→ The problem:
From the entries below, copy exactly the lines from the one that contains "arc A1 (-101.6, 150.8228)" through the one that contains "line L6 (101.6, -166.6875)", both included, and only those.

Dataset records
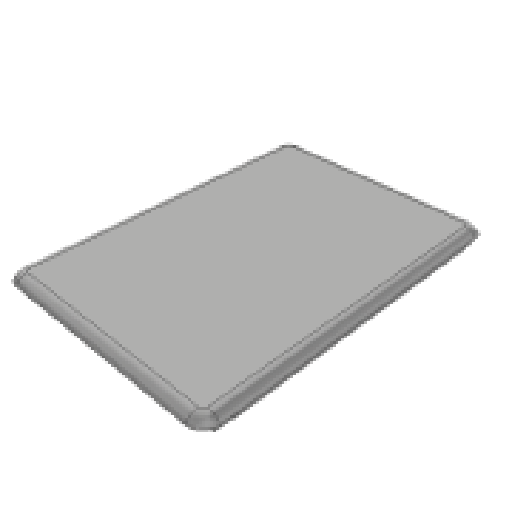
# Autodesk Inventor part: dellLatitudeScreen
Saved by Autodesk Inventor 2025 (Build 290162000, 162)
## iProperties
Created: 2024-12-07
Part Number: dellLatitudeScreen
Material: Generic
Document SubType Name: Modeling
Designer: derm
Density: 1 g/cm^3
Appearance: Smooth - Medium Gray
Author: derm
Autodesk Inventor part; units mm, degrees
ref_plane "YZ Plane" through (0, 0, 0) normal (1, 0, 0) x (0, 1, 0)
ref_plane "XZ Plane" through (0, 0, 0) normal (0, 1, 0) x (-1, 0, 0)
ref_plane "XY Plane" through (0, 0, 0) normal (0, 0, 1) x (1, 0, 0)
sketch "Sketch1" plane through (0, 0, 0) normal (0, 1, 0) x (-1, 0, 0)
  line L0 (-101.6, 165.1) -> (101.6, 165.1)
  line L1 (117.475, 149.225) -> (117.475, -149.225)
  line L2 (101.6, -165.1) -> (-101.6, -165.1)
  line L3 (-117.475, -149.225) -> (-117.475, 149.225)
  line L4 (-117.475, 165.1) -> (117.475, -165.1) construction
  line L5 (117.475, 165.1) -> (-117.475, -165.1) construction
  arc A0 (-101.6, 165.1) -> (-117.475, 149.225) centre (-101.6, 149.225) ccw
  arc A1 (-117.475, -149.225) -> (-101.6, -165.1) centre (-101.6, -149.225) ccw
  arc A2 (101.6, -165.1) -> (117.475, -149.225) centre (101.6, -149.225) ccw
  arc A3 (117.475, 149.225) -> (101.6, 165.1) centre (101.6, 149.225) ccw
  point P0 (0, 0)
  point P1 (0, 0)
  dimension "d0" = 330.2
  dimension "d1" = 234.95
  dimension "d2" = 15.875
  constraints: 12 end point, 8 point on circle, 8 point on line, 8 tangent, 4 centre point, 3 equal radius, 2 midpoint, 2 parallel, 1 coincident, 1 horizontal, 1 perpendicular
  measures "d0" distance of L5.start L4.end
  measures "d1" distance between parallel lines of L3 L1
  measures "d2" radius of A0
extrude "Extrusion1" add sketch "Sketch1" along normal blind 7.6835
fillet "Fillet1" radius 12.7 8 edges at (117.475, 7.6835, 0) (112.8253, 7.6835, -160.4503) (0, 7.6835, -165.1) (-112.8253, 7.6835, -160.4503) (-117.475, 7.6835, 0) (-112.8253, 7.6835, 160.4503) (0, 7.6835, 165.1) (112.8253, 7.6835, 160.4503)
sketch "Sketch2" plane through (0, 0, 0) normal (0, -1, 0) x (1, 0, 0)
  line L0 (101.6103, 150.8125) -> (101.6103, -150.8125) projected
  arc A0 (101.6103, 150.8125) -> (101.6, 150.8228) centre (101.6, 150.8125) ccw projected
  line L1 (-101.6, 150.8228) -> (101.6, 150.8228) projected
  arc A1 (-101.6, 150.8228) -> (-101.6103, 150.8125) centre (-101.6, 150.8125) ccw projected
  line L2 (-101.6103, -150.8125) -> (-101.6103, 150.8125) projected
  arc A2 (-101.6103, -150.8125) -> (-101.6, -150.8228) centre (-101.6, -150.8125) ccw projected
  line L3 (101.6, -150.8228) -> (-101.6, -150.8228) projected
  arc A3 (101.6, -150.8228) -> (101.6103, -150.8125) centre (101.6, -150.8125) ccw projected
  line L4 (103.505, -134.9375) -> (117.475, -134.9375) projected
  line L5 (117.475, -134.9375) -> (117.475, -150.8125) projected
  arc A4 (101.6, -166.6875) -> (117.475, -150.8125) centre (101.6, -150.8125) ccw projected
  line L6 (101.6, -166.6875) -> (-101.6, -166.6875) projected
  arc A5 (-117.475, -150.8125) -> (-101.6, -166.6875) centre (-101.6, -150.8125) ccw projected
  line L7 (-117.475, -150.8125) -> (-117.475, 150.8125) projected
  arc A6 (-101.6, 166.6875) -> (-117.475, 150.8125) centre (-101.6, 150.8125) ccw projected
  line L8 (-101.6, 166.6875) -> (101.6, 166.6875) projected
  arc A7 (117.475, 150.8125) -> (101.6, 166.6875) centre (101.6, 150.8125) ccw projected
  line L9 (117.475, 150.8125) -> (117.475, 134.9375) projected
  line L10 (117.475, 134.9375) -> (103.505, 134.9375) projected
  line L11 (103.505, 134.9375) -> (103.505, -134.9375) projected
  circle A8 centre (76.6206, 156.377) radius 5.1319 projected
  line L12 (-38.4175, -52.3875) -> (-38.4175, 52.3875) projected
  line L13 (-38.4175, 52.3875) -> (-104.4575, 52.3875) projected
  line L14 (-104.4575, 52.3875) -> (-104.4575, -52.3875) projected
  line L15 (-104.4575, -52.3875) -> (-38.4175, -52.3875) projected
  line L16 (88.265, -146.05) -> (88.265, 146.05) projected
  line L17 (88.265, 146.05) -> (-28.8925, 146.05) projected
  line L18 (-28.8925, 146.05) -> (-28.8925, -146.05) projected
  line L19 (-28.8925, -146.05) -> (88.265, -146.05) projected
  line L20 (104.922, 134.9375) -> (117.475, 134.9375)
  line L21 (117.475, 134.9375) -> (117.475, -134.9375)
  line L22 (117.475, -134.9375) -> (104.922, -134.9375)
  line L23 (104.922, -134.9375) -> (104.922, 134.9375)
  point P0 (0, 0)
  constraints: 8 end point, 2 parallel, 1 horizontal, 1 perpendicular, 1 point on line
extrude "Extrusion2" add sketch "Sketch2" along normal blind 12.7 contours L23 L10 L21 L4
sketch "Sketch4" plane through (0, 0, 0) normal (0, 0, 1) x (1, 0, 0)
  circle A0 centre (109.8636, -6.6929) radius 3.8393 projected
  circle A1 centre (109.8636, -6.6929) radius 3.8393 projected
  point P0 (0, 0)
extrude "Extrusion3" add sketch "Sketch4" along normal mid plane 300
fillet "Fillet2" radius 12.7 1 edges at (117.475, -12.7, 0)
fillet "Fillet3" radius 3.175 1 edges at (104.922, -12.6991, 0)
sketch "Sketch5" plane through (0, 0, 0) normal (0, -1, 0) x (1, 0, 0)
  line L0 (104.922, 134.9375) -> (117.475, 134.9375) projected
  line L1 (117.475, 149.225) -> (117.475, 134.9375) projected
  arc A0 (117.475, 149.225) -> (101.6, 165.1) centre (101.6, 149.225) ccw projected
  line L2 (-101.6, 165.1) -> (101.6, 165.1) projected
  arc A1 (-101.6, 165.1) -> (-117.475, 149.225) centre (-101.6, 149.225) ccw projected
  line L3 (-117.475, -149.225) -> (-117.475, 149.225) projected
  arc A2 (-117.475, -149.225) -> (-101.6, -165.1) centre (-101.6, -149.225) ccw projected
  line L4 (101.6, -165.1) -> (-101.6, -165.1) projected
  arc A3 (101.6, -165.1) -> (117.475, -149.225) centre (101.6, -149.225) ccw projected
  line L5 (117.475, -134.9375) -> (117.475, -149.225) projected
  line L6 (117.475, -134.9375) -> (104.922, -134.9375) projected
  line L7 (104.922, -134.9375) -> (104.922, 134.9375) projected
  line L8 (89.535, -147.32) -> (-92.075, -147.32)
  line L9 (-92.075, -147.32) -> (-92.075, 147.32)
  line L10 (-92.075, 147.32) -> (89.535, 147.32)
  line L11 (89.535, 147.32) -> (89.535, -147.32)
  line L12 (89.535, -147.32) -> (-92.075, 147.32) construction
  line L13 (-92.075, -147.32) -> (89.535, 147.32) construction
  circle A4 centre (-103.4539, 0) radius 1.8839
  point P0 (0, 0)
  point P1 (-1.27, 0)
  dimension "d12" = 17.78
  dimension "d13" = 17.78
  dimension "d14" = 25.4
  dimension "d15" = 27.94
  constraints: 12 end point, 2 midpoint, 2 parallel, 1 centre point, 1 horizontal, 1 perpendicular
  measures "d12" distance between parallel lines of L2 L10
  measures "d13" distance between parallel lines of L4 L8
  measures "d14" distance between parallel lines of L3 L9
  measures "d15" distance between parallel lines of L11 L5
extrude "Extrusion4" cut sketch "Sketch5" against normal blind 0.254 contours L8 L9 L10 L11 | A4
body "Solid1"

→ Answer to the problem:
  arc A1 (-101.6, 150.8228) -> (-101.6103, 150.8125) centre (-101.6, 150.8125) ccw projected
  line L2 (-101.6103, -150.8125) -> (-101.6103, 150.8125) projected
  arc A2 (-101.6103, -150.8125) -> (-101.6, -150.8228) centre (-101.6, -150.8125) ccw projected
  line L3 (101.6, -150.8228) -> (-101.6, -150.8228) projected
  arc A3 (101.6, -150.8228) -> (101.6103, -150.8125) centre (101.6, -150.8125) ccw projected
  line L4 (103.505, -134.9375) -> (117.475, -134.9375) projected
  line L5 (117.475, -134.9375) -> (117.475, -150.8125) projected
  arc A4 (101.6, -166.6875) -> (117.475, -150.8125) centre (101.6, -150.8125) ccw projected
  line L6 (101.6, -166.6875) -> (-101.6, -166.6875) projected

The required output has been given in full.